This year, my son will be with his daddy on Christmas Eve. So, I'll be wrapping his gifts while he's out of the house. I have a great group of friends, and we have a tradition of getting together (families, kids, friends, whoever's available) nearly every Sunday evening for a pot-luck supper at a friend's pond house. A few years ago, we started doing it on Christmas Eve as well, so I'll head over there for what amounts to a big family dinner for the evening. My son will get home late that night so we can get up early for the usual Christmas morning, then it's off to have lunch with my parents. 

My son goes with my folks to visit my brother every year for NYE. I'll likely spend it with friends. Sometimes we have a big party, sometimes we go to a black-tie event in a neighboring city, sometimes we just hang out at someone's house and have drinks and munchies. It's always fun, though.


----------



## Dude007

I'm going to the Casino on NYE. My son was supposed to go with me but sounds like he may bail to hang with his buds..Meh!! I'll still have a BLAST!!! DUDE


----------



## Bananapeel

Going goose hunting Christmas weekend!!! Friends visiting for New Years.


----------



## Steve1000

RisingSun said:


> Now that you're divorced/separated, what are your plans for Christmas and New Years Eve? How are you feeling about it?


Try to do something special that you can look forward to and something that occupies your mind. When I was single and new I would be alone during the holidays, I either went snow skiing or if I was in China, I went mountain hiking.


----------



## bkyln309

I am staying with the man I am seeing. We are doing a sleepover. He is going to cook and we are just going to hang out for the weekend.


----------



## Threeblessings

I've got my kids all Christmas week. My daughter created a menu for us so we having roast pork and vegetables for lunch. The kids go back to their dads after Christnas and I'm going to Perth for that week. NYE will be spent with a special friend.


----------



## Ynot

bkyln309 said:


> I am staying with the man I am seeing. We are doing a sleepover. He is going to cook and we are just going to hang out for the weekend.

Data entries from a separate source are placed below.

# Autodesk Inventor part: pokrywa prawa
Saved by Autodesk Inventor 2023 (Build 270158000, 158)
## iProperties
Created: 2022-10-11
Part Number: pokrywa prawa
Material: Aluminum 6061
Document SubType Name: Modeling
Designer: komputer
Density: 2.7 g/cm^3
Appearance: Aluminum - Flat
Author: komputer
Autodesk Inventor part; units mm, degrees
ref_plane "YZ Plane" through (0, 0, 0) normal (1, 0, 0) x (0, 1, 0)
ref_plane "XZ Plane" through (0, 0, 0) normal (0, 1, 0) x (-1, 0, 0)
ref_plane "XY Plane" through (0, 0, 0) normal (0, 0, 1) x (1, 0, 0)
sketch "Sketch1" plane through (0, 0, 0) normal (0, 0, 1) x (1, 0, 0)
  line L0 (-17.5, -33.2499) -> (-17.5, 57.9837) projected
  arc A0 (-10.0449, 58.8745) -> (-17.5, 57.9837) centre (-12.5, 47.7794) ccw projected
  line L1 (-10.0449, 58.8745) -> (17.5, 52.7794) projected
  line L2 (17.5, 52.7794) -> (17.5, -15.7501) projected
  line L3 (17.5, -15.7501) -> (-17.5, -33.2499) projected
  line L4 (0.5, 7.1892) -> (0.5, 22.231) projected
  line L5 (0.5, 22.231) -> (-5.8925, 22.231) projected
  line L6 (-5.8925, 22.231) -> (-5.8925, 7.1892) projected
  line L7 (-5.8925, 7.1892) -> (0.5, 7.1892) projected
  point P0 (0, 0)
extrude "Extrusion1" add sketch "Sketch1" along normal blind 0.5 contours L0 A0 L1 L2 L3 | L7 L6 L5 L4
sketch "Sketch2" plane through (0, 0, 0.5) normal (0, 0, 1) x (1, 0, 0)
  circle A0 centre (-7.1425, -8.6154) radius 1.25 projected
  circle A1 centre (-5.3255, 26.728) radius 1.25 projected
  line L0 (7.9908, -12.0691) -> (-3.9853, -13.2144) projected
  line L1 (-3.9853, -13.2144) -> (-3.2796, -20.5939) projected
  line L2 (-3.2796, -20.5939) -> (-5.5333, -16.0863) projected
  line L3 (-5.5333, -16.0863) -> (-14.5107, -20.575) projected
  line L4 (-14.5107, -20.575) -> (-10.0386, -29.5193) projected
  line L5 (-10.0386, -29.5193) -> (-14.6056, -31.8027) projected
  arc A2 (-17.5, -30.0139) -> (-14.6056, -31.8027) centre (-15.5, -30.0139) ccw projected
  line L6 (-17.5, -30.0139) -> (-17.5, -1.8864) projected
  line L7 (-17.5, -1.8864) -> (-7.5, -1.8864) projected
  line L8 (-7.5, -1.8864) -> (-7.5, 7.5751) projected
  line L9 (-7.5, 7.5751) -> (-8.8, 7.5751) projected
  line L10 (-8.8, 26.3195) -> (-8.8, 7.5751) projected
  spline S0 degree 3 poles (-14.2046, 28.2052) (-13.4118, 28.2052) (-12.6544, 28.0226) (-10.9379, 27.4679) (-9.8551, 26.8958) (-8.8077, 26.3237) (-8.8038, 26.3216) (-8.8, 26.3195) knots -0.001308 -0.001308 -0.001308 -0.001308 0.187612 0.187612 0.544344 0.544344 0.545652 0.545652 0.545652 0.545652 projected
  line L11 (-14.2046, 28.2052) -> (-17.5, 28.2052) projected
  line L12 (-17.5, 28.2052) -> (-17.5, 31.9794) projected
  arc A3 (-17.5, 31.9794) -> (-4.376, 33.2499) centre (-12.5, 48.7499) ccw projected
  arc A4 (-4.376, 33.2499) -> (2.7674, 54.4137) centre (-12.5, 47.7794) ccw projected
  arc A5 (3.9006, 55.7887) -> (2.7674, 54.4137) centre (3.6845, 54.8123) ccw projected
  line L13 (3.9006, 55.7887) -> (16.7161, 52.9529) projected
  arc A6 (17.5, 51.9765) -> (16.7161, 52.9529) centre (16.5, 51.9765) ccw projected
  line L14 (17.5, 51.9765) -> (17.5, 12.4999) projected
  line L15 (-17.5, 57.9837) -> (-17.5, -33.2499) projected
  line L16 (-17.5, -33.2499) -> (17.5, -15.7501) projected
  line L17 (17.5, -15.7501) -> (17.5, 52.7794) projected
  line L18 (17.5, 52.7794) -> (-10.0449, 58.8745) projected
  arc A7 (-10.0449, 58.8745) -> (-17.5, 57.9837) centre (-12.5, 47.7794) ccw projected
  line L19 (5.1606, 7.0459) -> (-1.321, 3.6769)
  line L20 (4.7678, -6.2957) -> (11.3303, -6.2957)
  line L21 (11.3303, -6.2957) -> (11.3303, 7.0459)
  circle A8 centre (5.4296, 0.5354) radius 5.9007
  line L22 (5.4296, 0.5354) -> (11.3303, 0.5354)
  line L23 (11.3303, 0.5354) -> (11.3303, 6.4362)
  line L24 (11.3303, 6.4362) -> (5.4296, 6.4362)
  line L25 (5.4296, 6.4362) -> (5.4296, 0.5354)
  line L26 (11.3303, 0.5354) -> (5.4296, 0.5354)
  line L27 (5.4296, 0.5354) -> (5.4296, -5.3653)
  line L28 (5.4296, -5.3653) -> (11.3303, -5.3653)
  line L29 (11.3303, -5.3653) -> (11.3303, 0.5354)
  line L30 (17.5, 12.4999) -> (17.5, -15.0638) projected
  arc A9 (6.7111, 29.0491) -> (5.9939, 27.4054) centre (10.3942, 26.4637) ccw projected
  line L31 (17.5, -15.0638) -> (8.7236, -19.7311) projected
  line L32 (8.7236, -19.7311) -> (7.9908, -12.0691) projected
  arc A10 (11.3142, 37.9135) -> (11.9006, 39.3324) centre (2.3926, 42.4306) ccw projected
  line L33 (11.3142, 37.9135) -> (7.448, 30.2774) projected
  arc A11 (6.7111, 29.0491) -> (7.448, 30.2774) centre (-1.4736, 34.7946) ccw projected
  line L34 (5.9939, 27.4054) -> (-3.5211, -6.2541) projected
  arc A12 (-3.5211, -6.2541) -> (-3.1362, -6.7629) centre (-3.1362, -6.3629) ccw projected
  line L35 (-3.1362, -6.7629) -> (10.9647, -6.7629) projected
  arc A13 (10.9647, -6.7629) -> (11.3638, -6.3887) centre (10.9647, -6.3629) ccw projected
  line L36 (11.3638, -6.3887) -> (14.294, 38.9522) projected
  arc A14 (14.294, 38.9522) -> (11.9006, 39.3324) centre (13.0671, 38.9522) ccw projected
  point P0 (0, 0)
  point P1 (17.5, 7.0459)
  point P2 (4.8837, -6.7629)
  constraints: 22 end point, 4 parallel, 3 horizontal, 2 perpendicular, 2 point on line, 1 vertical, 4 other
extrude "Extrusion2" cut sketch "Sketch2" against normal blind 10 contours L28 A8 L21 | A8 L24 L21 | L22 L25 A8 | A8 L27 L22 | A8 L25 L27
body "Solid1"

Just hangout? Or really letting it ALL hang out? HAHA:wink2:


----------



## Married but Happy

We have a friend coming over xmas eve, and two other friends have invited us over xmas morning and afternoon for snacks and drinks, then dinner. Not sure about nye, but have tentative plans to have a friend or two over.


----------



## Marc878

Flying up to the frozen north for Christmas, ugh. Spending New Years at the beach home.

Lots of champagne and probably steamed oysters.


----------



## arbitrator

*Unless my plans suddenly change, I'll do Christmas Eve Candlelight Service with my boys, and a gift exchange either before or just after that!

The boys have been cordially invited to share Christmas Day with my RSXW and her clan out at their ranch, but ol' Arb will likely be on his own, spending a quiet solitary day at the Ranch! I may even torch a big bonfire full of old logs if the temperature mercury drops low enough!

Hell, I may even take in a Golden Corral buffet followed by a "Star Wars" matinee!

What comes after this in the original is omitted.